Exercise aim —
Reproduce the whole listing exactly and let no picture into the copy.

=====

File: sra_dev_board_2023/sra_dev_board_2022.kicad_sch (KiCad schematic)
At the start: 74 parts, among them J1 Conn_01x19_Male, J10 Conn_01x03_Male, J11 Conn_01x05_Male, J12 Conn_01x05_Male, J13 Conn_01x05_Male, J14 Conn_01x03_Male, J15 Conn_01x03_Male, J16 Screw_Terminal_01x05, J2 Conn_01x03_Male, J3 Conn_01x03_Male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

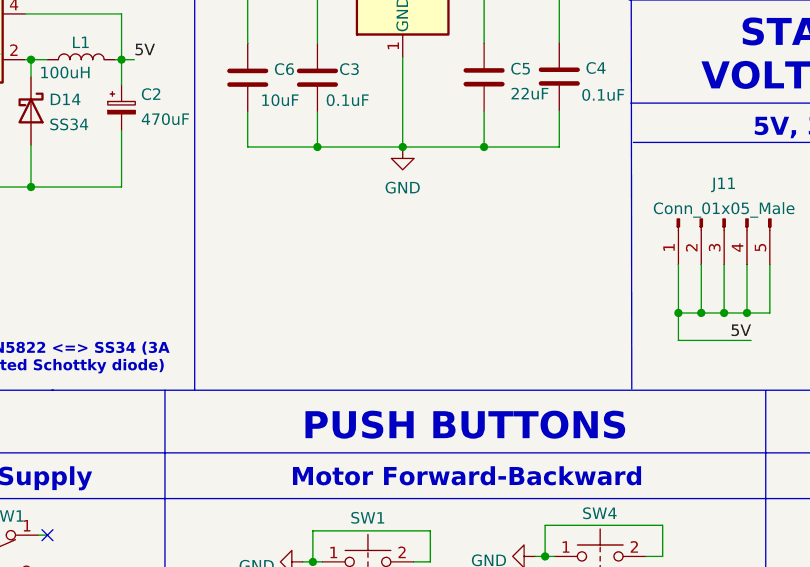
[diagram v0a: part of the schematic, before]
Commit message: Updated gerbers for LSA and SRA-Board
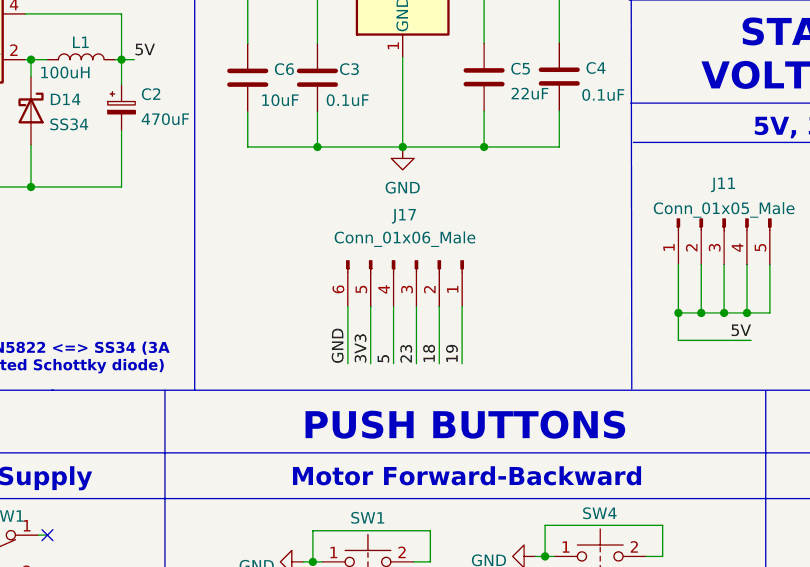
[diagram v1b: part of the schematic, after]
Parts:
- added J17: Conn_01x06_Male, Connector_PinHeader_2.54mm:PinHeader_1x06_P2.54mm_Vertical, symbol Connector:Conn_01x06_Male
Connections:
- net 18: now also J17.2 (Pin_2)
- net 19: now also J17.1 (Pin_1)
- net 23: now also J17.3 (Pin_3)
- net 3V3: now also J17.5 (Pin_5)
- net 5: now also J17.4 (Pin_4)
- net GND: now also J17.6 (Pin_6)
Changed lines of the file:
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@@
     (stroke (width 0) (type default) (color 0 0 0 0))
   )
+  (wire (pts (xy 198.12 78.74) (xy 198.12 85.09))
+    (stroke (width 0) (type default) (color 0 0 0 0))
+  )
   (wire (pts (xy 72.5678 178.8668) (xy 72.5678 182.6768))
     (stroke (width 0) (type default) (color 0 0 0 0))
@@
     (stroke (width 0) (type default) (color 0 0 0 0))
   )
+  (wire (pts (xy 203.2 78.74) (xy 203.2 85.09))
+    (stroke (width 0) (type default) (color 0 0 0 0))
+  )
   (wire (pts (xy 180.34 181.61) (xy 182.88 181.61))
     (stroke (width 0) (type default) (color 0 0 0 0))
@@
     (stroke (width 0) (type default) (color 0 0 0 0))
   )
+  (wire (pts (xy 205.74 78.74) (xy 205.74 85.09))
+    (stroke (width 0) (type default) (color 0 0 0 0))
+  )
   (wire (pts (xy 72.1614 45.466) (xy 82.169 45.466))
     (stroke (width 0) (type default) (color 0 0 0 0))
@@
     (stroke (width 0) (type default) (color 0 0 0 0))
   )
+  (wire (pts (xy 208.28 78.74) (xy 208.28 85.09))
+    (stroke (width 0) (type default) (color 0 0 0 0))
+  )
   (wire (pts (xy 242.57 186.69) (xy 245.11 186.69))
     (stroke (width 0) (type default) (color 0 0 0 0))
@@
     (stroke (width 0) (type default) (color 0 0 0 0))
   )
+  (wire (pts (xy 200.66 78.74) (xy 200.66 85.09))
+    (stroke (width 0) (type default) (color 0 0 0 0))
+  )
   (wire (pts (xy 253.1872 82.4738) (xy 261.2644 82.4738))
     (stroke (width 0) (type default) (color 0 0 0 0))
@@
     (stroke (width 0) (type default) (color 0 0 0 0))
   )
+  (wire (pts (xy 210.82 78.74) (xy 210.82 85.09))
+    (stroke (width 0) (type default) (color 0 0 0 0))
+  )
   (polyline (pts (xy 59.182 135.2804) (xy 59.3598 135.2804))
     (stroke (width 0) (type default) (color 0 0 0 0))
@@
     (effects (font (size 1.27 1.27)) (justify left bottom))
   )
+  (label "18" (at 208.28 85.09 90)
+    (effects (font (size 1.27 1.27)) (justify left bottom))
+  )
   (label "3V3" (at 283.21 168.91 180)
     (effects (font (size 1.27 1.27)) (justify right bottom))
@@
     (effects (font (size 1.27 1.27)) (justify right bottom))
   )
+  (label "23" (at 205.74 85.09 90)
+    (effects (font (size 1.27 1.27)) (justify left bottom))
+  )
   (label "AIN2" (at 265.43 201.0664 180)
     (effects (font (size 1.27 1.27)) (justify right bottom))
@@
     (effects (font (size 1.27 1.27)) (justify left bottom))
   )
+  (label "GND" (at 198.12 85.09 90)
+    (effects (font (size 1.27 1.27)) (justify left bottom))
+  )
   (label "35" (at 128.27 163.83 180)
     (effects (font (size 1.27 1.27)) (justify right bottom))
@@
     (effects (font (size 1.27 1.27)) (justify left bottom))
   )
+  (label "5" (at 203.2 85.09 90)
+    (effects (font (size 1.27 1.27)) (justify left bottom))
+  )
   (label "AIN1" (at 260.35 201.0664 180)
     (effects (font (size 1.27 1.27)) (justify right bottom))
@@
     (effects (font (size 1.27 1.27)) (justify right bottom))
   )
+  (label "3V3" (at 200.66 85.09 90)
+    (effects (font (size 1.27 1.27)) (justify left bottom))
+  )
   (label "M0" (at 180.34 179.07 0)
     (effects (font (size 1.27 1.27)) (justify left bottom))
@@
     (effects (font (size 1.27 1.27)) (justify left bottom))
   )
+  (label "19" (at 210.82 85.09 90)
+    (effects (font (size 1.27 1.27)) (justify left bottom))
+  )
   (label "5" (at 27.8638 220.3958 180)
     (effects (font (size 1.27 1.27)) (justify right bottom))
@@
     (pin "9")
   )
+  (symbol (lib_id "Connector:Conn_01x06_Male") (at 205.74 73.66 270) (unit 1)
+    (in_bom yes) (on_board yes) (fields_autoplaced)
+    (property "Reference" "J17" (id 0) (at 204.47 68.58 90))
+    (property "Value" "Conn_01x06_Male" (id 1) (at 204.47 71.12 90))
+    (property "Footprint" "Connector_PinHeader_2.54mm:PinHeader_1x06_P2.54mm_Vertical" (id 2) (at 205.74 73.66 0)
+      (effects (font (size 1.27 1.27)) hide)
+    )
+    (property "Datasheet" "~" (id 3) (at 205.74 73.66 0)
+      (effects (font (size 1.27 1.27)) hide)
+    )
+    (pin "1")
+    (pin "2")
+    (pin "3")
+    (pin "4")
+    (pin "5")
+    (pin "6")
+  )
   (symbol (lib_id "Switch:SW_Push_DPDT") (at 98.9584 111.76 0) (unit 1)
     (in_bom yes) (on_board yes)
@@
       (reference "J16") (unit 1) (value "Screw_Terminal_01x05") (footprint "TerminalBlock:TerminalBlock_bornier-5_P5.08mm")
     )
+    (path "/618ea879-4cfc-4447-a45c-89b029d0fa10"
+      (reference "J17") (unit 1) (value "Conn_01x06_Male") (footprint "Connector_PinHeader_2.54mm:PinHeader_1x06_P2.54mm_Vertical")
+    )
     (path "/f7739dc8-da06-4162-a76b-6df1c594100c"

=====

Exercise result —
File: sra_dev_board_2023/sra_dev_board_2022.kicad_sch (KiCad schematic)
At the start: 74 parts, among them J1 Conn_01x19_Male, J10 Conn_01x03_Male, J11 Conn_01x05_Male, J12 Conn_01x05_Male, J13 Conn_01x05_Male, J14 Conn_01x03_Male, J15 Conn_01x03_Male, J16 Screw_Terminal_01x05, J2 Conn_01x03_Male, J3 Conn_01x03_Male

[diagram v0a: part of the schematic, before]
Commit message: Updated gerbers for LSA and SRA-Board
[diagram v1b: part of the schematic, after]
Parts:
- added J17: Conn_01x06_Male, Connector_PinHeader_2.54mm:PinHeader_1x06_P2.54mm_Vertical, symbol Connector:Conn_01x06_Male
Connections:
- net 18: now also J17.2 (Pin_2)
- net 19: now also J17.1 (Pin_1)
- net 23: now also J17.3 (Pin_3)
- net 3V3: now also J17.5 (Pin_5)
- net 5: now also J17.4 (Pin_4)
- net GND: now also J17.6 (Pin_6)
Changed lines of the file:
@@
     (stroke (width 0) (type default) (color 0 0 0 0))
   )
+  (wire (pts (xy 198.12 78.74) (xy 198.12 85.09))
+    (stroke (width 0) (type default) (color 0 0 0 0))
+  )
   (wire (pts (xy 72.5678 178.8668) (xy 72.5678 182.6768))
     (stroke (width 0) (type default) (color 0 0 0 0))
@@
     (stroke (width 0) (type default) (color 0 0 0 0))
   )
+  (wire (pts (xy 203.2 78.74) (xy 203.2 85.09))
+    (stroke (width 0) (type default) (color 0 0 0 0))
+  )
   (wire (pts (xy 180.34 181.61) (xy 182.88 181.61))
     (stroke (width 0) (type default) (color 0 0 0 0))
@@
     (stroke (width 0) (type default) (color 0 0 0 0))
   )
+  (wire (pts (xy 205.74 78.74) (xy 205.74 85.09))
+    (stroke (width 0) (type default) (color 0 0 0 0))
+  )
   (wire (pts (xy 72.1614 45.466) (xy 82.169 45.466))
     (stroke (width 0) (type default) (color 0 0 0 0))
@@
     (stroke (width 0) (type default) (color 0 0 0 0))
   )
+  (wire (pts (xy 208.28 78.74) (xy 208.28 85.09))
+    (stroke (width 0) (type default) (color 0 0 0 0))
+  )
   (wire (pts (xy 242.57 186.69) (xy 245.11 186.69))
     (stroke (width 0) (type default) (color 0 0 0 0))
@@
     (stroke (width 0) (type default) (color 0 0 0 0))
   )
+  (wire (pts (xy 200.66 78.74) (xy 200.66 85.09))
+    (stroke (width 0) (type default) (color 0 0 0 0))
+  )
   (wire (pts (xy 253.1872 82.4738) (xy 261.2644 82.4738))
     (stroke (width 0) (type default) (color 0 0 0 0))
@@
     (stroke (width 0) (type default) (color 0 0 0 0))
   )
+  (wire (pts (xy 210.82 78.74) (xy 210.82 85.09))
+    (stroke (width 0) (type default) (color 0 0 0 0))
+  )
   (polyline (pts (xy 59.182 135.2804) (xy 59.3598 135.2804))
     (stroke (width 0) (type default) (color 0 0 0 0))
@@
     (effects (font (size 1.27 1.27)) (justify left bottom))
   )
+  (label "18" (at 208.28 85.09 90)
+    (effects (font (size 1.27 1.27)) (justify left bottom))
+  )
   (label "3V3" (at 283.21 168.91 180)
     (effects (font (size 1.27 1.27)) (justify right bottom))
@@
     (effects (font (size 1.27 1.27)) (justify right bottom))
   )
+  (label "23" (at 205.74 85.09 90)
+    (effects (font (size 1.27 1.27)) (justify left bottom))
+  )
   (label "AIN2" (at 265.43 201.0664 180)
     (effects (font (size 1.27 1.27)) (justify right bottom))
@@
     (effects (font (size 1.27 1.27)) (justify left bottom))
   )
+  (label "GND" (at 198.12 85.09 90)
+    (effects (font (size 1.27 1.27)) (justify left bottom))
+  )
   (label "35" (at 128.27 163.83 180)
     (effects (font (size 1.27 1.27)) (justify right bottom))
@@
     (effects (font (size 1.27 1.27)) (justify left bottom))
   )
+  (label "5" (at 203.2 85.09 90)
+    (effects (font (size 1.27 1.27)) (justify left bottom))
+  )
   (label "AIN1" (at 260.35 201.0664 180)
     (effects (font (size 1.27 1.27)) (justify right bottom))
@@
     (effects (font (size 1.27 1.27)) (justify right bottom))
   )
+  (label "3V3" (at 200.66 85.09 90)
+    (effects (font (size 1.27 1.27)) (justify left bottom))
+  )
   (label "M0" (at 180.34 179.07 0)
     (effects (font (size 1.27 1.27)) (justify left bottom))
@@
     (effects (font (size 1.27 1.27)) (justify left bottom))
   )
+  (label "19" (at 210.82 85.09 90)
+    (effects (font (size 1.27 1.27)) (justify left bottom))
+  )
   (label "5" (at 27.8638 220.3958 180)
     (effects (font (size 1.27 1.27)) (justify right bottom))
@@
     (pin "9")
   )
+  (symbol (lib_id "Connector:Conn_01x06_Male") (at 205.74 73.66 270) (unit 1)
+    (in_bom yes) (on_board yes) (fields_autoplaced)
+    (property "Reference" "J17" (id 0) (at 204.47 68.58 90))
+    (property "Value" "Conn_01x06_Male" (id 1) (at 204.47 71.12 90))
+    (property "Footprint" "Connector_PinHeader_2.54mm:PinHeader_1x06_P2.54mm_Vertical" (id 2) (at 205.74 73.66 0)
+      (effects (font (size 1.27 1.27)) hide)
+    )
+    (property "Datasheet" "~" (id 3) (at 205.74 73.66 0)
+      (effects (font (size 1.27 1.27)) hide)
+    )
+    (pin "1")
+    (pin "2")
+    (pin "3")
+    (pin "4")
+    (pin "5")
+    (pin "6")
+  )
   (symbol (lib_id "Switch:SW_Push_DPDT") (at 98.9584 111.76 0) (unit 1)
     (in_bom yes) (on_board yes)
@@
       (reference "J16") (unit 1) (value "Screw_Terminal_01x05") (footprint "TerminalBlock:TerminalBlock_bornier-5_P5.08mm")
     )
+    (path "/618ea879-4cfc-4447-a45c-89b029d0fa10"
+      (reference "J17") (unit 1) (value "Conn_01x06_Male") (footprint "Connector_PinHeader_2.54mm:PinHeader_1x06_P2.54mm_Vertical")
+    )
     (path "/f7739dc8-da06-4162-a76b-6df1c594100c"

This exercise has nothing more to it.